Edmund se puso en pie y empezó a pasear por la habitación diciendo:

—¿Y no se pudo emplear a nadie más que a Fanny para esta diligencia? A fe mía que ha sido un asunto muy mal llevado.

—Pues te aseguro que no veo cómo hubiera podido hacerse mejor —gritó la señora Noms, incapaz de hacerse la sorda por más tiempo—, a no ser que hubiese ido yo misma, claro. Pero yo no puedo estar en dos sitios a la vez; y en aquel preciso instante estaba hablando con Mr. Green acerca de la lechera de tu madre, por deseo de ésta, y había prometido a John Groom escribir a la señora Jefferies dándole noticias de su hijo, y el pobre muchacho llevaba ya media hora esperándome. Me parece que nadie puede acusarme justamente de que me desentienda de las cosas en ninguna ocasión, pero la verdad es que no puedo hacerlo todo a un tiempo. Y, en cuanto a que Fanny haya ido andando por mí hasta mi casa (no hay mucho más de un cuarto de milla), no creo que fuera pedirle nada irrazonable. ¿Cuántas veces no hago yo el mismo recorrido hasta tres veces al día, mañana y tarde... sí, haga el tiempo que haga?... ¡Y no me quejo por eso!
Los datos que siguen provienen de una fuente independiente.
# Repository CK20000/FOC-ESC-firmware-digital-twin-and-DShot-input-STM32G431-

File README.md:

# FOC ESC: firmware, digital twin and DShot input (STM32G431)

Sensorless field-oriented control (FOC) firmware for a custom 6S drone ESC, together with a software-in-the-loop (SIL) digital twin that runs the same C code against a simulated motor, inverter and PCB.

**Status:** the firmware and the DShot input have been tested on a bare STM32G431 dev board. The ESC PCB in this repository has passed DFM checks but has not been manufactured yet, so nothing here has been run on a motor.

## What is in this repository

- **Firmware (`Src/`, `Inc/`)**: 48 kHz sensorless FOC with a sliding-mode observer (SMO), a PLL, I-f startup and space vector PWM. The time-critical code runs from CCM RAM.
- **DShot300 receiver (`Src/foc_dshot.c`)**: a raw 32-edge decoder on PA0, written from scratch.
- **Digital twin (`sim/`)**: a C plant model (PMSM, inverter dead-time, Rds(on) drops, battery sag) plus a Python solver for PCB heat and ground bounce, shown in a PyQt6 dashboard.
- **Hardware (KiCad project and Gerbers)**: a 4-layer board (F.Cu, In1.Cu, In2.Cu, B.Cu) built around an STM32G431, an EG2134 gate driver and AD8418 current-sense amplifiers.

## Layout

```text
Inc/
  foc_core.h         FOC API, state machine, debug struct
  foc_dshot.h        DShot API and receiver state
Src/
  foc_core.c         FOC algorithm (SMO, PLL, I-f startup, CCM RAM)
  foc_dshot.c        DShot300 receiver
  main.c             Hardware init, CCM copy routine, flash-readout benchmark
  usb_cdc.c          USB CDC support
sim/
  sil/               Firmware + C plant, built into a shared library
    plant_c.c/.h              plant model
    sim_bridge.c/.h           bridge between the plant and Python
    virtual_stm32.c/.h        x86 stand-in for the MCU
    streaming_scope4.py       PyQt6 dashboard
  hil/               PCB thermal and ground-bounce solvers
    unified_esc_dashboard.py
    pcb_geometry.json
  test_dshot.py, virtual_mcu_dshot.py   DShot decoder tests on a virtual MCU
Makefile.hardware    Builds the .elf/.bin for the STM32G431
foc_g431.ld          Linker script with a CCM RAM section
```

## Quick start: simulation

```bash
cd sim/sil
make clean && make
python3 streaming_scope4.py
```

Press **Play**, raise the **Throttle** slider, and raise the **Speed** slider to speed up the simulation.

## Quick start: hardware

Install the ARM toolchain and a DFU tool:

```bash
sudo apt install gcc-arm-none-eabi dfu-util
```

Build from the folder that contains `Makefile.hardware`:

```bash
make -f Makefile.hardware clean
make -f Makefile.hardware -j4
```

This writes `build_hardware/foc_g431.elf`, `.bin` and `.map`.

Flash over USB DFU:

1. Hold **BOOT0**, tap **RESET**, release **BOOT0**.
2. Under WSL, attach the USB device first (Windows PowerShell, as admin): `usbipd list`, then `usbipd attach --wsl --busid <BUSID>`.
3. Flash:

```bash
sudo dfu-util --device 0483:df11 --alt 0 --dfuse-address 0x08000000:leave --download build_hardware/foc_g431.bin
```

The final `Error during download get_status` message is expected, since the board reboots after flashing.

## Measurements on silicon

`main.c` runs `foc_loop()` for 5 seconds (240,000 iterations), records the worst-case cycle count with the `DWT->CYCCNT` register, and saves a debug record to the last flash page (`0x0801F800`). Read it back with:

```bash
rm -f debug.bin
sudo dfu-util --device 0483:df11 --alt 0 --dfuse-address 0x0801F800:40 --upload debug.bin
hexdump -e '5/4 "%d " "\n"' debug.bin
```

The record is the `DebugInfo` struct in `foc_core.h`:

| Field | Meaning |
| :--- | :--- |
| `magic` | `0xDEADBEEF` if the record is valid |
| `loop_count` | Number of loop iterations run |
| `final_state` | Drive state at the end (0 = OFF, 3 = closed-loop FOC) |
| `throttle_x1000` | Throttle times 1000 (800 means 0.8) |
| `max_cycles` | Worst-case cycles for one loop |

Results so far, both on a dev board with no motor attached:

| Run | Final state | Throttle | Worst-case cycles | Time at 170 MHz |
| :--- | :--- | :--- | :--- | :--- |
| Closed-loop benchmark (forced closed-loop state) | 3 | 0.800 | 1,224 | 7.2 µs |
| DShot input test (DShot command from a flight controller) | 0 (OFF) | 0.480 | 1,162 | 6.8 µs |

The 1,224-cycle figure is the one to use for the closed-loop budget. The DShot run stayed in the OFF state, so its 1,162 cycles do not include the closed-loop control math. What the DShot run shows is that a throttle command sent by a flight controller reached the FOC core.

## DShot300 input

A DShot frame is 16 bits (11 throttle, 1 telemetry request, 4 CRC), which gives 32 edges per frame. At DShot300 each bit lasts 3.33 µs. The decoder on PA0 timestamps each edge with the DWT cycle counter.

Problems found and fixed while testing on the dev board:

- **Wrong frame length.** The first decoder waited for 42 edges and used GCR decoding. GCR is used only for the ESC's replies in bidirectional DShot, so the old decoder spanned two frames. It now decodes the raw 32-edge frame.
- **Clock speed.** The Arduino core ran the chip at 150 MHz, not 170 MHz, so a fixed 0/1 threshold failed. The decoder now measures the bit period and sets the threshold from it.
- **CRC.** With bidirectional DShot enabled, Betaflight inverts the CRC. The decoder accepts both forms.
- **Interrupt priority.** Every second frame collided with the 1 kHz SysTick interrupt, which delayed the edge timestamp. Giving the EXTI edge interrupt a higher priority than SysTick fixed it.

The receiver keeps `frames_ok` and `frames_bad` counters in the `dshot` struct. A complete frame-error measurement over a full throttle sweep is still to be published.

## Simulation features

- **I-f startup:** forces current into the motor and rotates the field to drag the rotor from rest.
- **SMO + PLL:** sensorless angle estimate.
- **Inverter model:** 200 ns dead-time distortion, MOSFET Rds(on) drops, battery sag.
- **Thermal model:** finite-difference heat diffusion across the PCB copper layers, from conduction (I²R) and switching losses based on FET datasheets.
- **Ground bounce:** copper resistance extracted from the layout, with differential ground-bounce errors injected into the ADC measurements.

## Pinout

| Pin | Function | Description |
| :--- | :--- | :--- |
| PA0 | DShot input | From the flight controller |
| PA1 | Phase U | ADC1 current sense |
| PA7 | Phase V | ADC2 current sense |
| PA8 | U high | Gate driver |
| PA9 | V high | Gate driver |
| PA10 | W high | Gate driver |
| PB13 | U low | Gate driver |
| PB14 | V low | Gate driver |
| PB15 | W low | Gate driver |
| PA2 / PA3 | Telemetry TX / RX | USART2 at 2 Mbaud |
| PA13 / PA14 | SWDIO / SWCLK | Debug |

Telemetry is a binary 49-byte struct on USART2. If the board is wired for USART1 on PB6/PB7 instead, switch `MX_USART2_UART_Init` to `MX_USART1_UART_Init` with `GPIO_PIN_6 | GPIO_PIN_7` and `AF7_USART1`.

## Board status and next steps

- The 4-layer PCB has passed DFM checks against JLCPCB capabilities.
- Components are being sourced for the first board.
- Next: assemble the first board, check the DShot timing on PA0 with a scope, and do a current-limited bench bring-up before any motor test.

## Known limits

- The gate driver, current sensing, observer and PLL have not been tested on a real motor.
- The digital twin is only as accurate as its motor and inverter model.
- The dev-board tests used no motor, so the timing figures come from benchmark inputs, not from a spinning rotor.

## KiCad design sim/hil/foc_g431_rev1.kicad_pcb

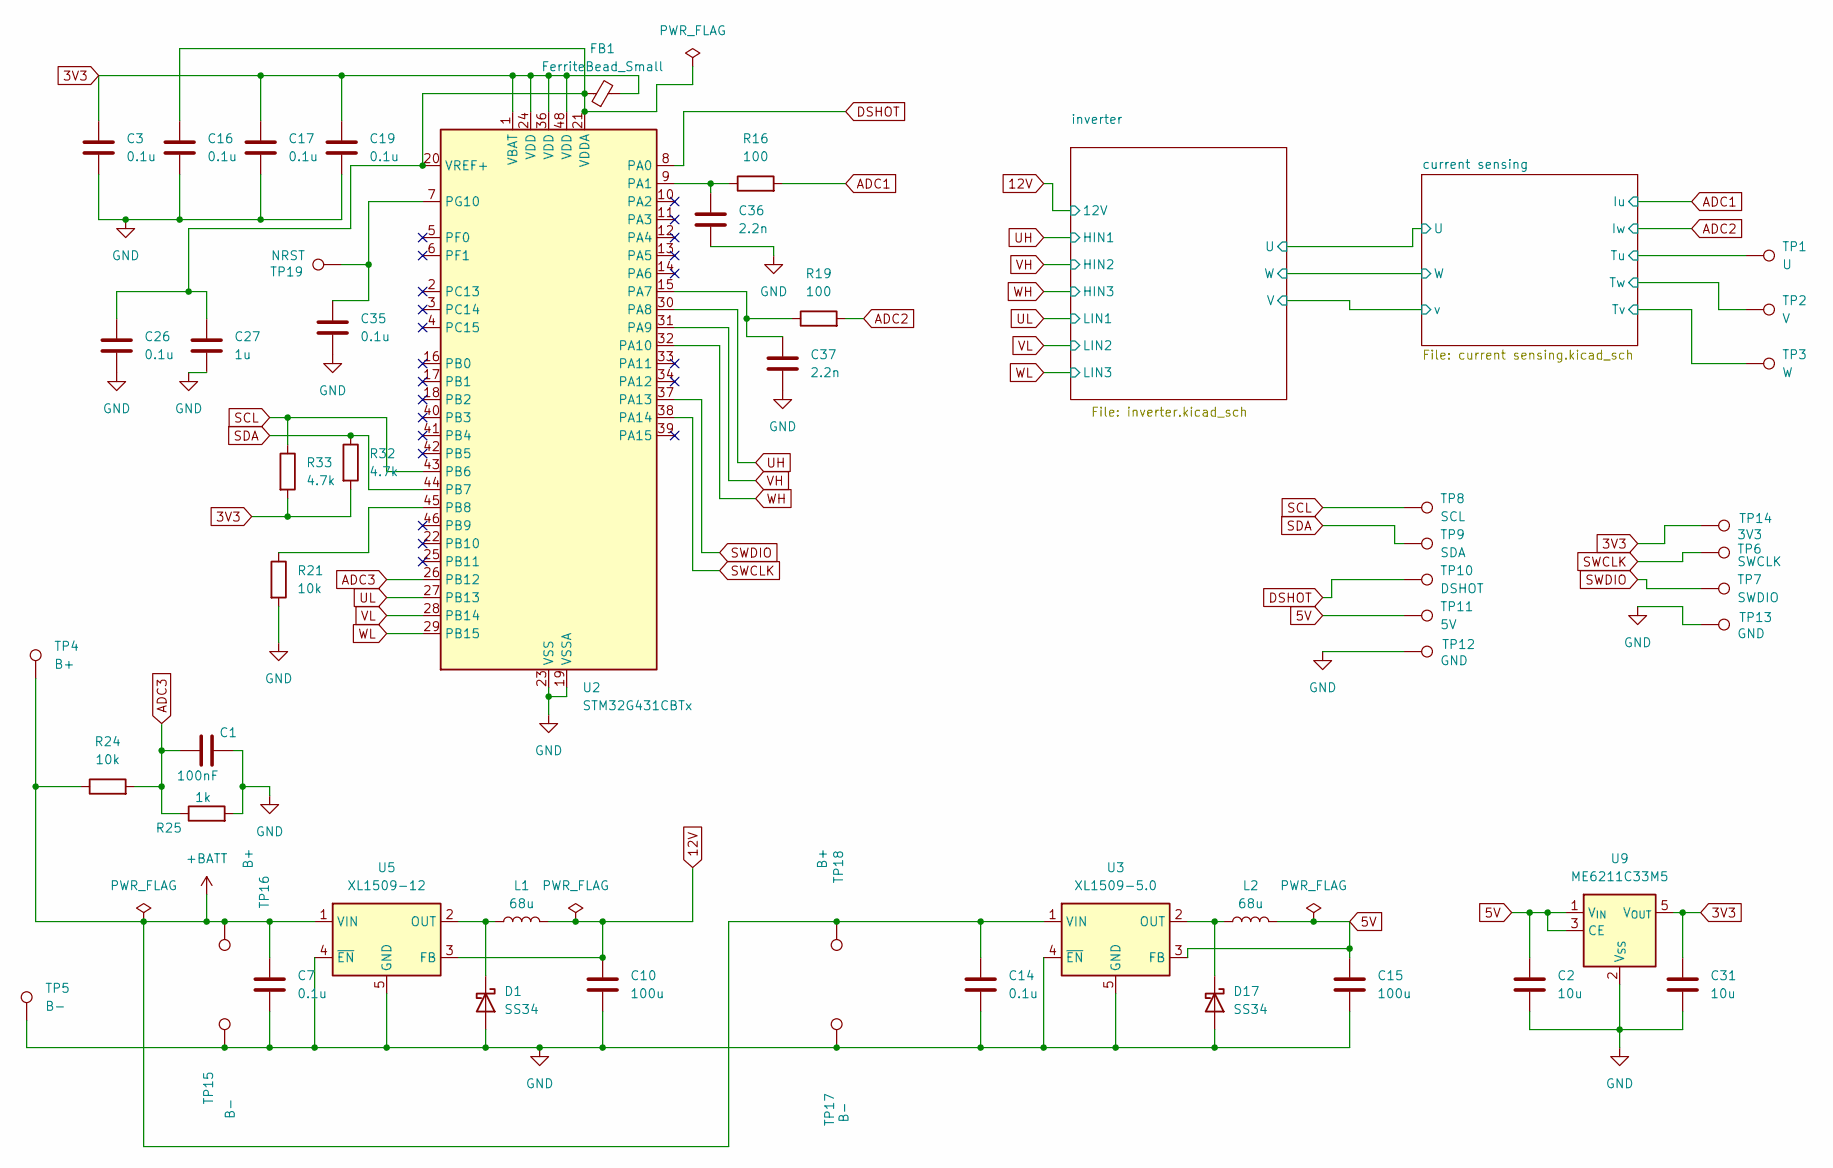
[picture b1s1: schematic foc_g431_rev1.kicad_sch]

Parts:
C1: 100nF; C_0603_1608Metric_Pad1.08x0.95mm_HandSolder
C2, C31: 10u; C_0805_2012Metric_Pad1.18x1.45mm_HandSolder
C3, C7, C14, C16, C17, C19, C26, C35: 0.1u; C_0603_1608Metric_Pad1.08x0.95mm_HandSolder
C10, C15: 100u; CP_EIA-3528-21_Kemet-B_HandSolder
C27: 1u; C_0603_1608Metric_Pad1.08x0.95mm_HandSolder
C36, C37: 2.2n; C_0603_1608Metric_Pad1.08x0.95mm_HandSolder
D1, D17: SS34; D_SMA
FB1: FerriteBead_Small; L_0805_2012Metric_Pad1.05x1.20mm_HandSolder
L1, L2: 68u; L_APV_APH0630
R16, R19: 100; R_0805_2012Metric_Pad1.20x1.40mm_HandSolder
R21, R24: 10k; R_0603_1608Metric_Pad0.98x0.95mm_HandSolder
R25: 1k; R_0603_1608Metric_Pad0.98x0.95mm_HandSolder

—¡Ojalá tuviera Fanny la mitad de tus fuerzas, tía!

—Si Fanny hiciera sus ejercicios fisicos con más regularidad, no se rendiría tan pronto. No ha salido a caballo desde no sé cuántos días, y estoy convencida de que cuando no monta le conviene pasear. De haber salido antes con el caballo, yo no le hubiera dado el encargo. Pero creí que incluso le haría bien después de haber estado tanto rato con la cabeza inclinada sobre las rosas, tomando el sol; pues nada hay tan refrescante como un paseo después de una fatiga de esta clase, y, aunque el sol era fuerte, no hacía un calor exagerado. Entre nosotros, Edmund —terminó, indicando con un movimiento de cabeza a su madre—, fue el cortar las rosas y vaguear al sol entre las flores lo que le hizo daño.

—Me temo que esto fue, en efecto —dijo lady Bertram, mucho más cándida que su hermana y que casualmente oyó algo de lo que ésta acababa de manifestar—. Mucho me temo que fue allí donde cogió el dolor de cabeza, pues hacía un calor como para matar a cualquiera. No sé cómo pude soportarlo. Estarme allí sentada, y llamar a Pug, y vigilar que no se metiera en los macizos de flores, fue casi demasiado para mí.

Edmund no dijo más a las dos señoras. Se dirigió con paso lento a otra mesa, en la que estaba aún la bandeja de la cena, llenó un vaso de Madeira para Fanny y la obligó a bebérselo casi entero. Ella hubiera querido ser capaz de rehusarlo; pero las lágrimas, que asomaron a sus ojos impulsadas por diversos y encontrados sentimientos, hicieron que le fuera más fácil engullir que hablar.

A pesar de lo enojado que Edmund estaba con su madre y su tía, más lo estaba aún consigo mismo. Su propio olvido de ella era peor que todo cuanto las dos habían hecho. Nada de esto hubiera ocurrido de haberle guardado la debida consideración; pero se la había dejado cuatro días seguidos sin opción al ejercicio ni al trato con amigos y sin excusa alguna para eludir cualquier insensatez que pudieran encargarle sus tías. Se avergonzó al pensar que durante cuatro días se había visto imposibilitada de montar y se hizo la firme promesa, por mucho que le contrariase privar de un placer a miss Crawford, de no permitir que aquello volviese a ocurrir nunca más.

Fanny fue a acostarse con el corazón tan repleto de emociones como en la noche de su llegada a Mansfield Park. Su estado de ánimo había sin duda influido en su indisposición; pues durante los últimos días se había sentido abandonada y había estado luchando contra todo sentimiento de disgusto y envidia. Al recostarse en el sofá., en el que se había refugiado con el deseo de pasar inadvertida, el dolor de su alma superaba en mucho al de su cabeza; y el súbito cambio que en el estado de su espíritu habían producido las atenciones de Edmund hizo que casi no supiera cómo soportar su emoción.